--- START ---

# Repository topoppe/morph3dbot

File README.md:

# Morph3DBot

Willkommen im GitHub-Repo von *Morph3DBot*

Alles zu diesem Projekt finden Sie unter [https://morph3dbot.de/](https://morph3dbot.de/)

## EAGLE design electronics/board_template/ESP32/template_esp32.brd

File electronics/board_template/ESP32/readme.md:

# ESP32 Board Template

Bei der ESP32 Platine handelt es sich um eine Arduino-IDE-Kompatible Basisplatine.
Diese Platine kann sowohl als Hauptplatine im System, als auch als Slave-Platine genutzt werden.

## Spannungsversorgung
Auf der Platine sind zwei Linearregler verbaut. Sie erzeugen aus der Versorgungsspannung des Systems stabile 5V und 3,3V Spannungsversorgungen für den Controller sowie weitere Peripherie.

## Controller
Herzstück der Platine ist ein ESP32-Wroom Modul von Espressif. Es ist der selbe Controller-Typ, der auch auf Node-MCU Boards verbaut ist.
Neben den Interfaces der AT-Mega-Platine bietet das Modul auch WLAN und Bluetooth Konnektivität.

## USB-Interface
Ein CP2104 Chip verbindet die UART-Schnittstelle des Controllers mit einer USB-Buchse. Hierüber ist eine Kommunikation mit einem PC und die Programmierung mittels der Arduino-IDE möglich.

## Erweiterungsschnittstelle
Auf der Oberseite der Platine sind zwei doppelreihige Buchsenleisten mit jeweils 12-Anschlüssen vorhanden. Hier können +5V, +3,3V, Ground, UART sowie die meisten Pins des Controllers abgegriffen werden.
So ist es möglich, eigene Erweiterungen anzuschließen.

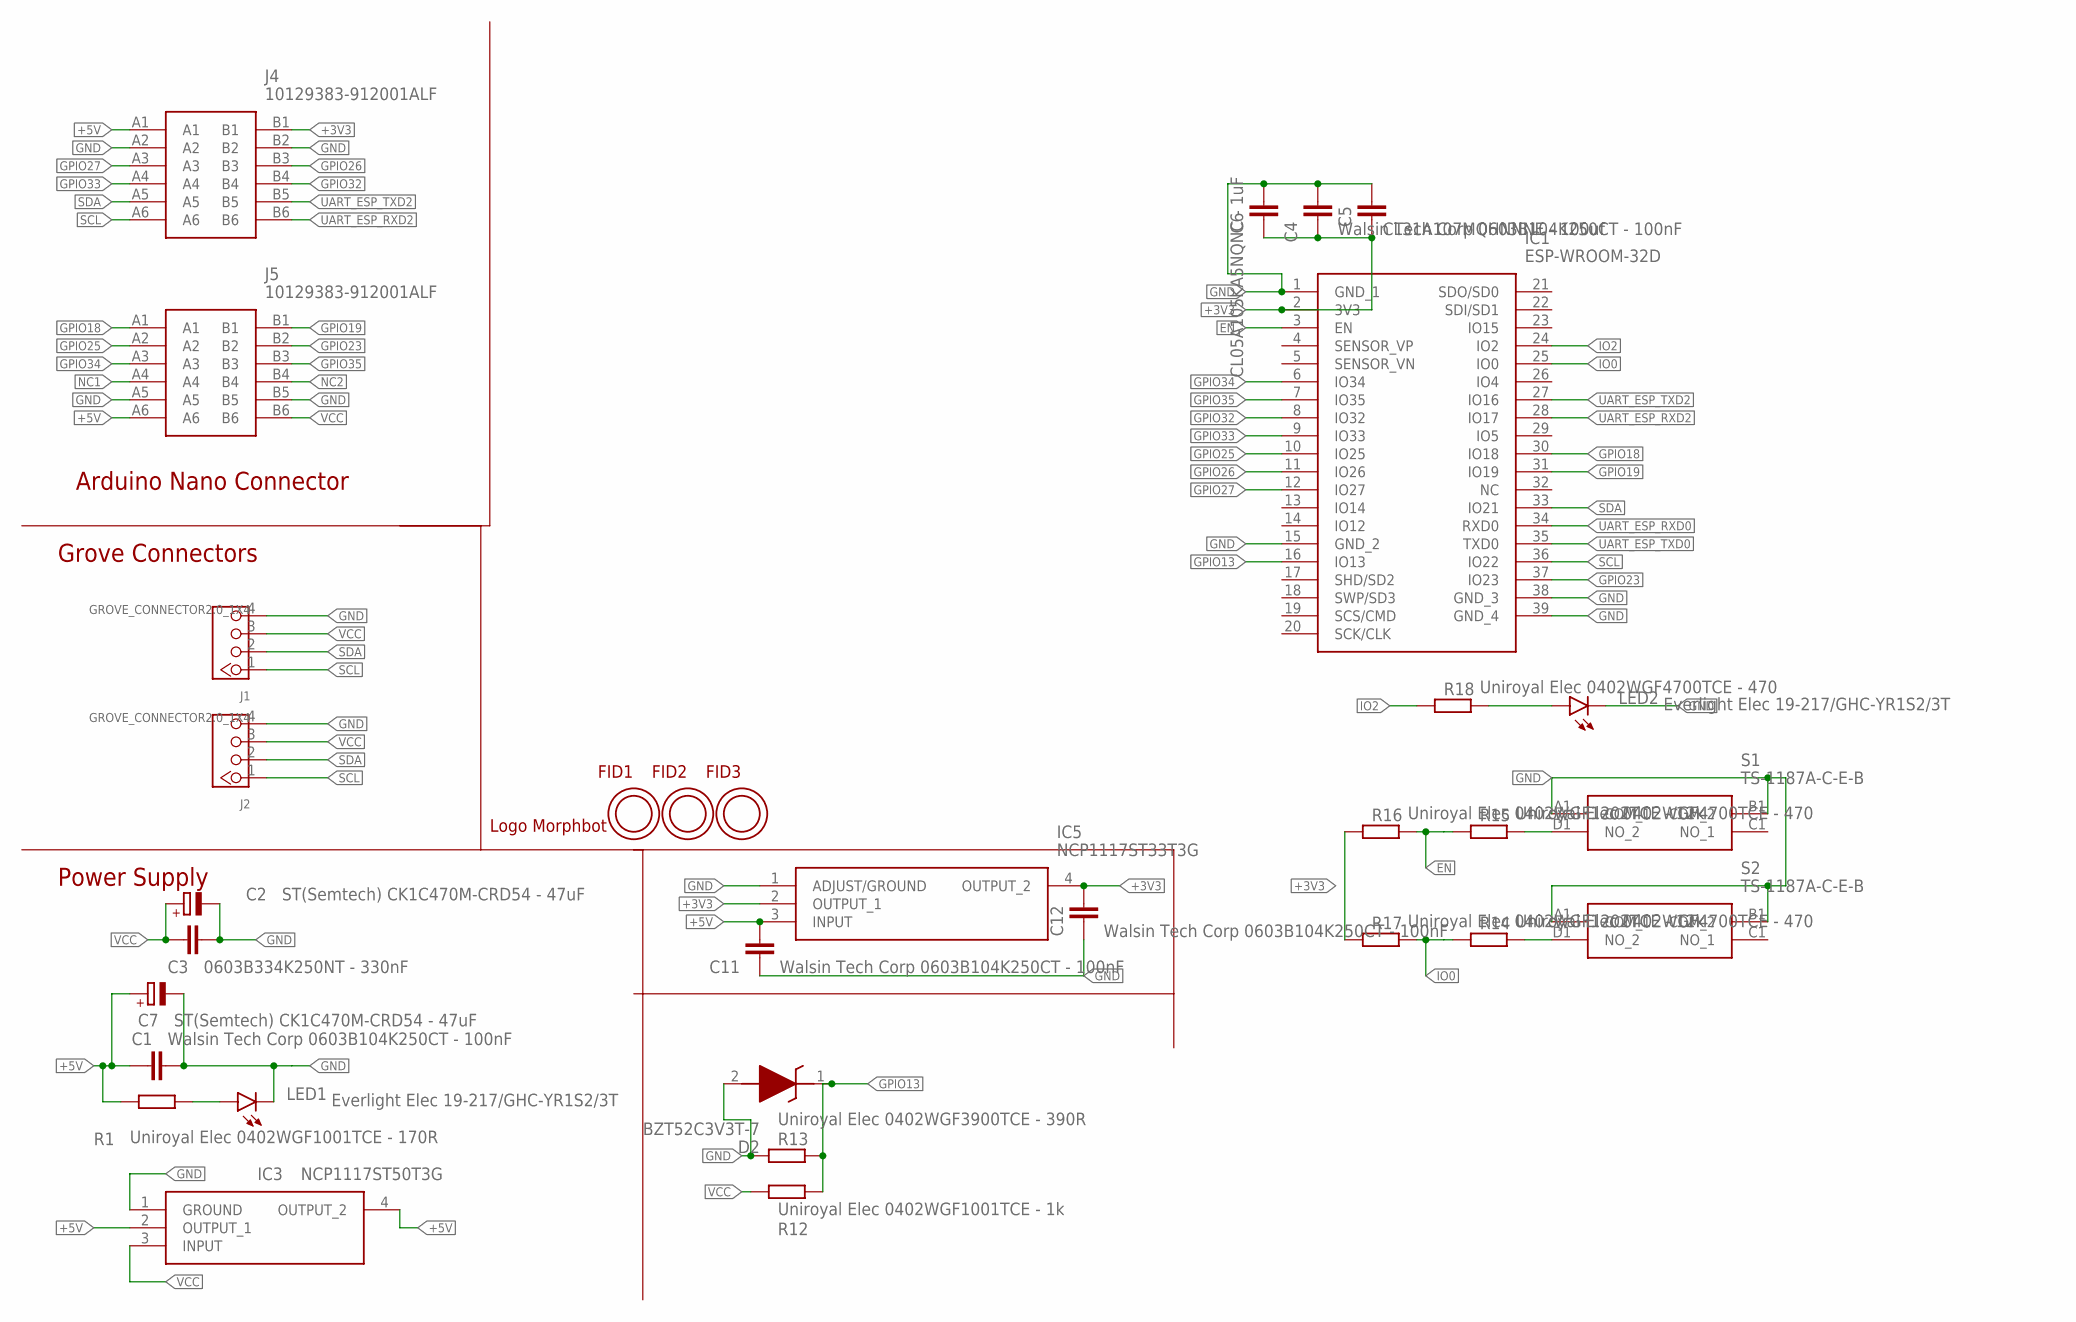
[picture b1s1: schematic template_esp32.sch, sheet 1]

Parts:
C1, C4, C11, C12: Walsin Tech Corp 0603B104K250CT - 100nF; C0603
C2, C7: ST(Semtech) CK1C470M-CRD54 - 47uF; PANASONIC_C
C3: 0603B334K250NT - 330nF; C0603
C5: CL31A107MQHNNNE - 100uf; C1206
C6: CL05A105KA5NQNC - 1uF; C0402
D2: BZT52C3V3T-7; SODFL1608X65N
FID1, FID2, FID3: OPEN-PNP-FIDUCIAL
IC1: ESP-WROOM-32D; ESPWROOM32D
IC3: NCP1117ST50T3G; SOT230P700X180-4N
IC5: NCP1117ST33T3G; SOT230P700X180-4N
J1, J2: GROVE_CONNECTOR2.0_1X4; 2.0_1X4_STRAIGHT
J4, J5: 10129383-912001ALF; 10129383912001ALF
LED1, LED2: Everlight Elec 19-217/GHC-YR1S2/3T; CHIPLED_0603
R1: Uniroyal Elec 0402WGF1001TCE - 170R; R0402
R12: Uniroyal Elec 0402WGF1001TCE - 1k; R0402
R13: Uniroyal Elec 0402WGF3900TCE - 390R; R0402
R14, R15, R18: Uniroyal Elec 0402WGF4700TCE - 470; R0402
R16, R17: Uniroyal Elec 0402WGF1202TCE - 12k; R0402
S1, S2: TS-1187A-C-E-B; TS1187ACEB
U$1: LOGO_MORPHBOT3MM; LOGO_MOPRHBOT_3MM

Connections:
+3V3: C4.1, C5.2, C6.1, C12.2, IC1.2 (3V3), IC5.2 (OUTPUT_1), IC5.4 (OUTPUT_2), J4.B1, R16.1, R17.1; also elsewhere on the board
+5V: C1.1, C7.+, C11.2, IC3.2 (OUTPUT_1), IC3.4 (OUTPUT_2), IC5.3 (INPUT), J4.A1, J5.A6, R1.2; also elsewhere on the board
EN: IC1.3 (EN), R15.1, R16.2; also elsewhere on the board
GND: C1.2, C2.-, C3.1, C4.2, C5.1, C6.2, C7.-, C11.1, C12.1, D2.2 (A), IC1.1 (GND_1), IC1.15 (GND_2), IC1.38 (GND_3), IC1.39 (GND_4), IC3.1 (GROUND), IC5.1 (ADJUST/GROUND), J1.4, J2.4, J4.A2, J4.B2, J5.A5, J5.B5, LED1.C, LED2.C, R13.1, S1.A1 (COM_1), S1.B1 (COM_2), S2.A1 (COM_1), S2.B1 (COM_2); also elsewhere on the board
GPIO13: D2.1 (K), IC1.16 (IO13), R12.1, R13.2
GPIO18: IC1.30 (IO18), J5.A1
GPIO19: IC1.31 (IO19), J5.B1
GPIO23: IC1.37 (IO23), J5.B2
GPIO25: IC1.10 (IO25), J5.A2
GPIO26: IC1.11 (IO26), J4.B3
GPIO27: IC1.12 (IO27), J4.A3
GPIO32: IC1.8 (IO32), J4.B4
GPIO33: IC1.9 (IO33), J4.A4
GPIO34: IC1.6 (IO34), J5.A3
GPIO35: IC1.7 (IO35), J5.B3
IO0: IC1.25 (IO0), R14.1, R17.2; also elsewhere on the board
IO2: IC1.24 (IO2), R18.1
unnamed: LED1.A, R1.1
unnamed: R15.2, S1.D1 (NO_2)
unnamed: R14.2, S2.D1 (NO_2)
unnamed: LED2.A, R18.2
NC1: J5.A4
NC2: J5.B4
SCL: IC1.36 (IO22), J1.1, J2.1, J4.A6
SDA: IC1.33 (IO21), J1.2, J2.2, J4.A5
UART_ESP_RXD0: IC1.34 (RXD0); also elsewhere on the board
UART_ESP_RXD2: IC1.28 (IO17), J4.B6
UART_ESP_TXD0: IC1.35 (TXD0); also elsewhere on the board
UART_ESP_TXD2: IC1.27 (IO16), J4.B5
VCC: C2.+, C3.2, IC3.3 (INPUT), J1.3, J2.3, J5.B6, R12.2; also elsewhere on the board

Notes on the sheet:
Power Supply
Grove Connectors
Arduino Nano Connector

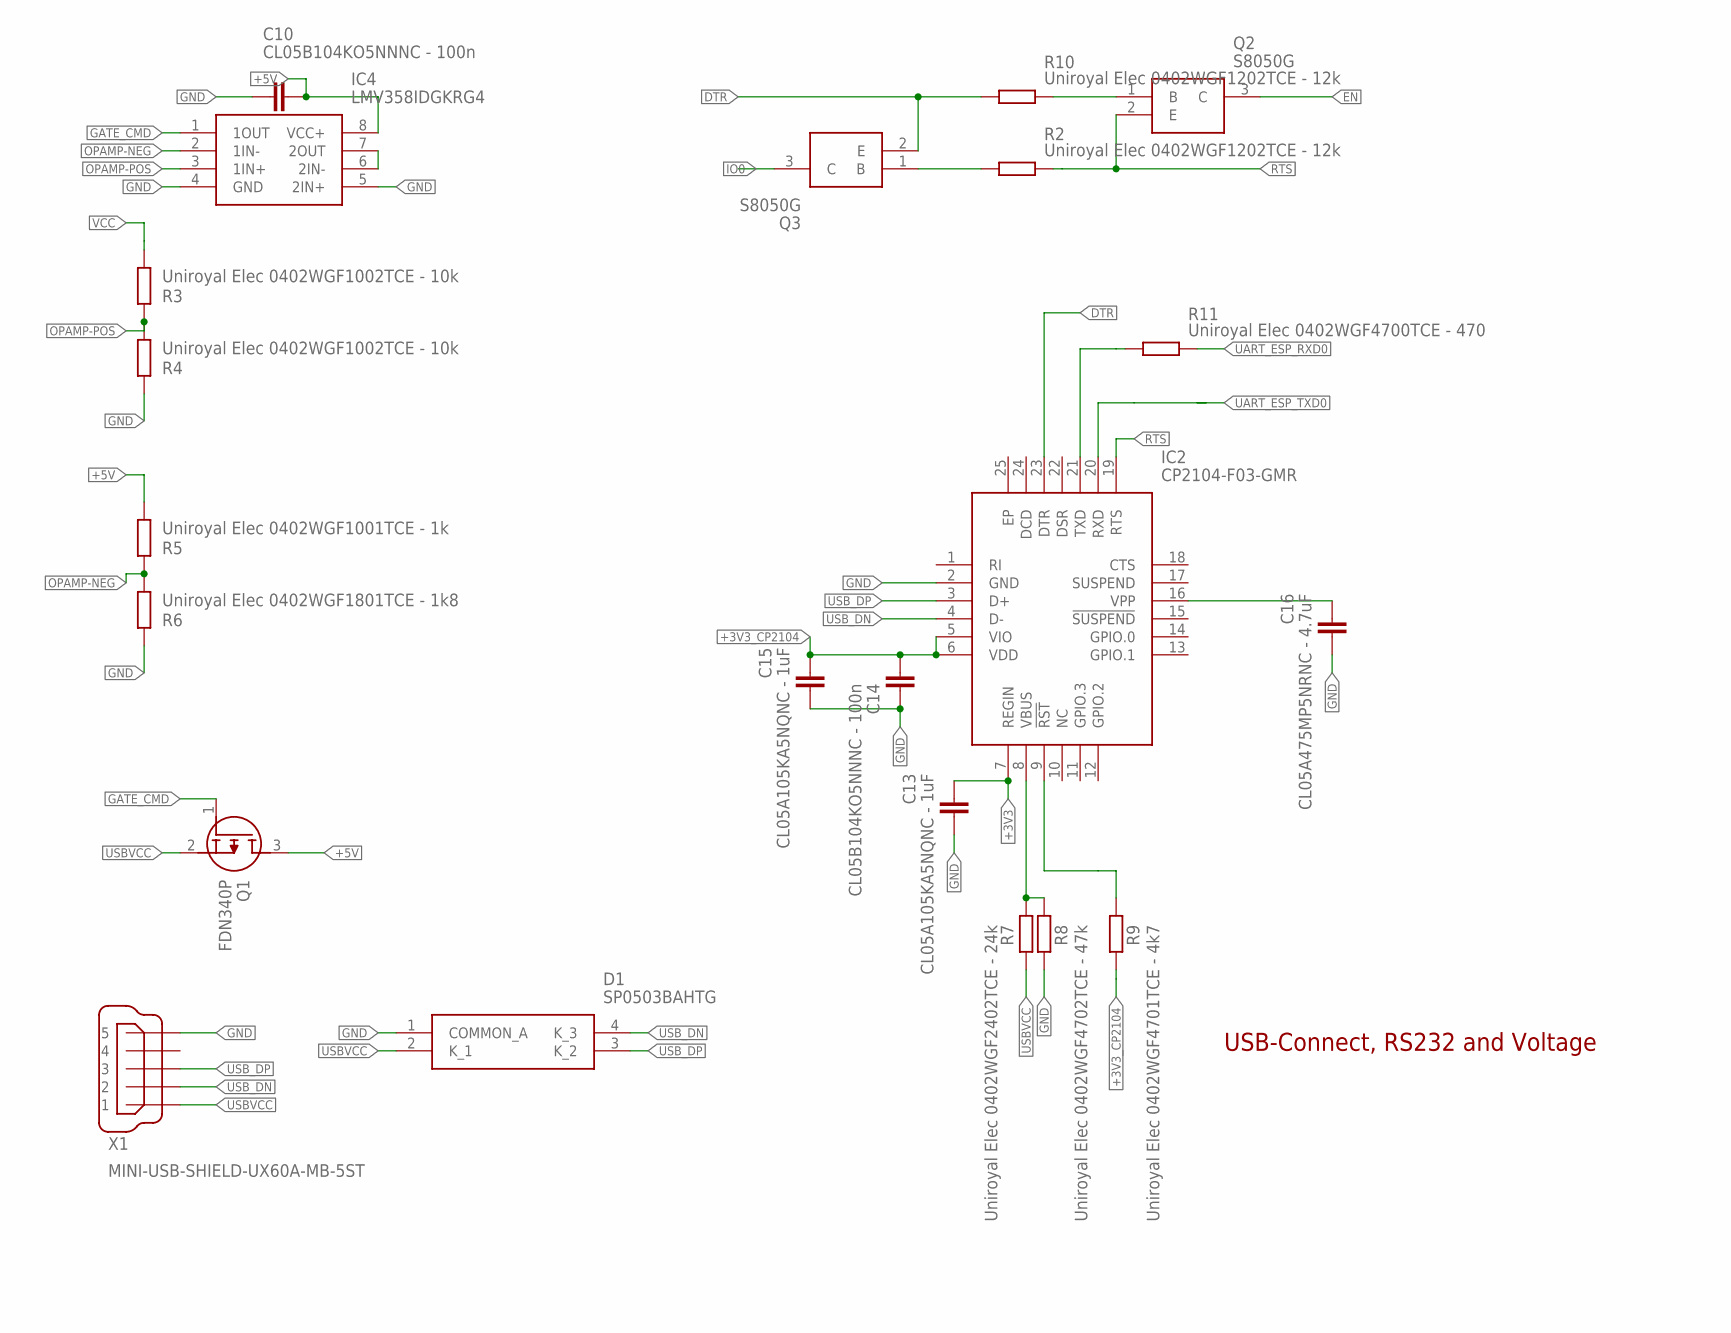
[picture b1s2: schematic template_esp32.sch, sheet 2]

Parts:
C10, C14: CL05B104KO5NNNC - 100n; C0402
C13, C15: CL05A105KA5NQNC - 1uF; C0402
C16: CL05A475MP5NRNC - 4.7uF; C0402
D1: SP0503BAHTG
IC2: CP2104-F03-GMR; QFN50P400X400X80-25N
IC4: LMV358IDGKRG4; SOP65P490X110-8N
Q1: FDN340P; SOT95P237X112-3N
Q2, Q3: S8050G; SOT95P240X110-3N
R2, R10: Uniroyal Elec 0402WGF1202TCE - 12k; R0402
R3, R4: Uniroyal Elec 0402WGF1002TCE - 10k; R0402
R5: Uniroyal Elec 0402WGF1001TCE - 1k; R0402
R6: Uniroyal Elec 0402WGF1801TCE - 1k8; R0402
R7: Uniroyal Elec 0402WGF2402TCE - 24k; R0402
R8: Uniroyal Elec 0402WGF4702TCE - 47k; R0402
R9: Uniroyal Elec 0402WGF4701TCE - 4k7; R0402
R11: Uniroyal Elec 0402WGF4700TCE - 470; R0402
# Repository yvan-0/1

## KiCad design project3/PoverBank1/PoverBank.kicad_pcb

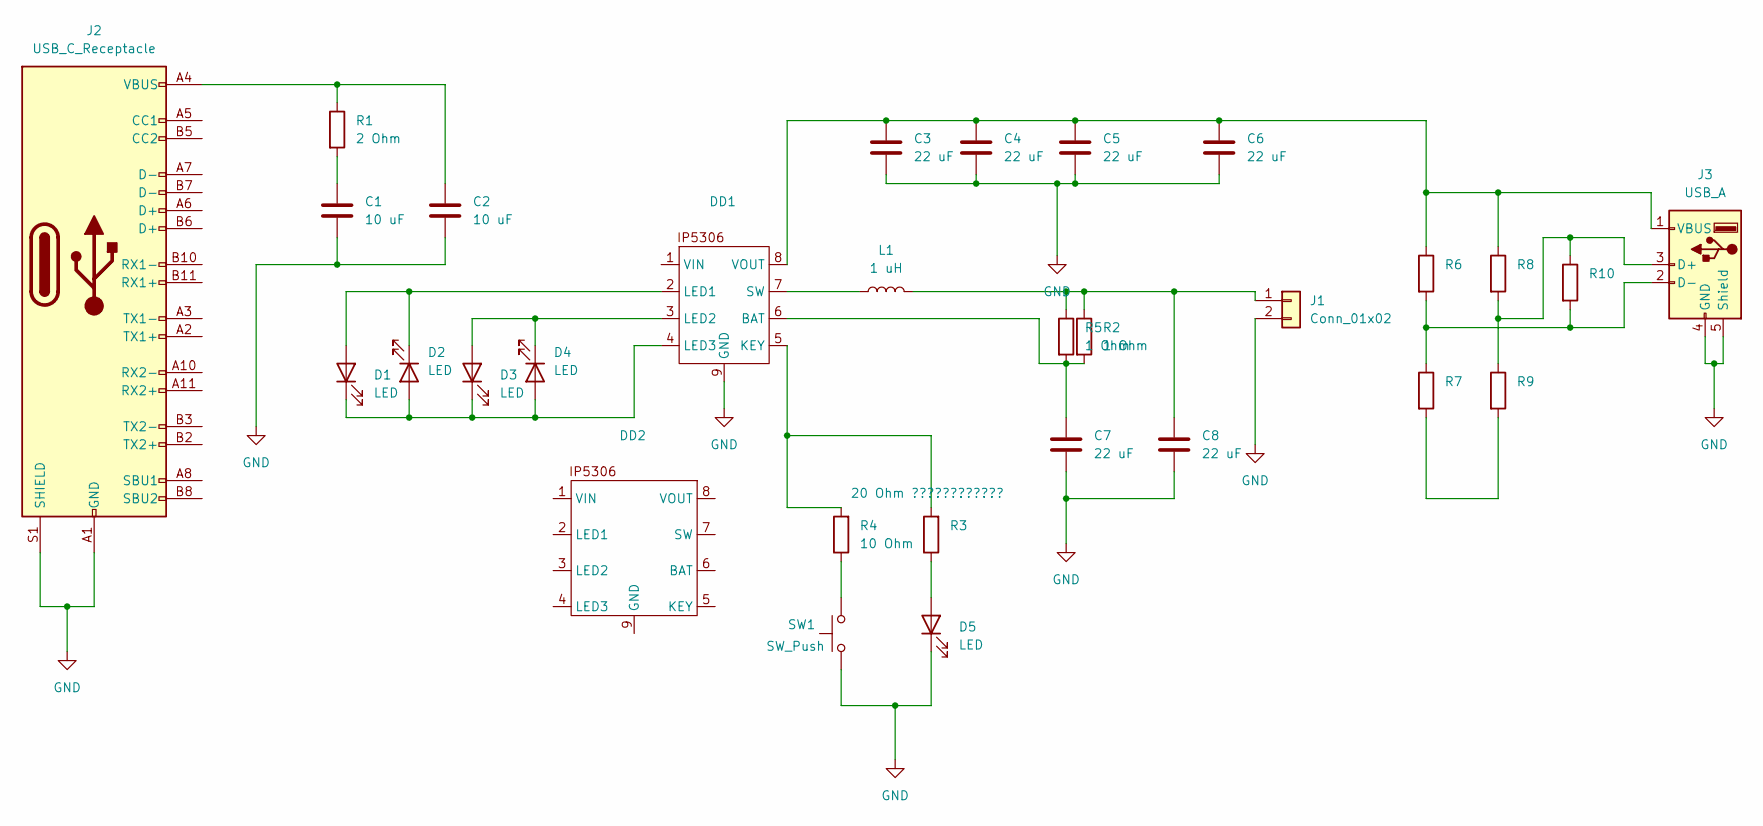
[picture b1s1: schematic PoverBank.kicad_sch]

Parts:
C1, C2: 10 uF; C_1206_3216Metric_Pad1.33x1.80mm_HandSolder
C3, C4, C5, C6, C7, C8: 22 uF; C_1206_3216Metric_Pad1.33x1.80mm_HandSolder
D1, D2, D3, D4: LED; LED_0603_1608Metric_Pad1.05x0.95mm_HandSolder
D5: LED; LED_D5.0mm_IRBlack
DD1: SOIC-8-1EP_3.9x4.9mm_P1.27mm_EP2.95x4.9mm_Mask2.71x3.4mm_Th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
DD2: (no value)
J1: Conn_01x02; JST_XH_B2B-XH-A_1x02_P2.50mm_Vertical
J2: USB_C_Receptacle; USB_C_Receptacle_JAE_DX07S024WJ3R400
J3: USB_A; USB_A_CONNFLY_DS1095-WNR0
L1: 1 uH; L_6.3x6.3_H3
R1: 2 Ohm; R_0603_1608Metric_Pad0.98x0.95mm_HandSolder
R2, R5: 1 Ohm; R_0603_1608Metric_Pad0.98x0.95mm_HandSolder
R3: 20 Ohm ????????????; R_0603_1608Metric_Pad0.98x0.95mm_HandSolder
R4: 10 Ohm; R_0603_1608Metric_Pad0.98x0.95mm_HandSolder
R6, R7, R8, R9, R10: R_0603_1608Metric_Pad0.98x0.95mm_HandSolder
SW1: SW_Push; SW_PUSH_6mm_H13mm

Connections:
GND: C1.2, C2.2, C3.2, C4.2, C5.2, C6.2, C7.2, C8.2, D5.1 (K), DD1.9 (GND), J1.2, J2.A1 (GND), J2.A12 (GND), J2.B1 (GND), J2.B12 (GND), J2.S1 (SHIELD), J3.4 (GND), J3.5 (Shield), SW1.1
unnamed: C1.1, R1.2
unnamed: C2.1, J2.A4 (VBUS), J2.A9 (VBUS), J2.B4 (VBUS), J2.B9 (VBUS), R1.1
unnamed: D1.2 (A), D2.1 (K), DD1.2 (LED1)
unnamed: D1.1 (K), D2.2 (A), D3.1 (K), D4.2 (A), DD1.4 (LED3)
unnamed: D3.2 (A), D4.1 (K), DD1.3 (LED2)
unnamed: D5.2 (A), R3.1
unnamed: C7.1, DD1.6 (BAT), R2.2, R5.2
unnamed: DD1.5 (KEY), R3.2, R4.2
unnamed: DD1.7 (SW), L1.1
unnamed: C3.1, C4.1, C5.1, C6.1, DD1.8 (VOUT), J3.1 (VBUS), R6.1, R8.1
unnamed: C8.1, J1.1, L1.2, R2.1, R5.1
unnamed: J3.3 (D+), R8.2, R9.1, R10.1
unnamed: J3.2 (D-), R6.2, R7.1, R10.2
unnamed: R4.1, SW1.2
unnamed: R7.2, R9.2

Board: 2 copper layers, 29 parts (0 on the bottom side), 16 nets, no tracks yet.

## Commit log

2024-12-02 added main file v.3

--- END ---

→ **Problem description**
Find every line of the data that includes the string "picture". Copy each of those lines.

→ **Problem solution**
[picture b1s1: schematic template_esp32.sch, sheet 1]
[picture b1s2: schematic template_esp32.sch, sheet 2]
[picture b1s1: schematic PoverBank.kicad_sch]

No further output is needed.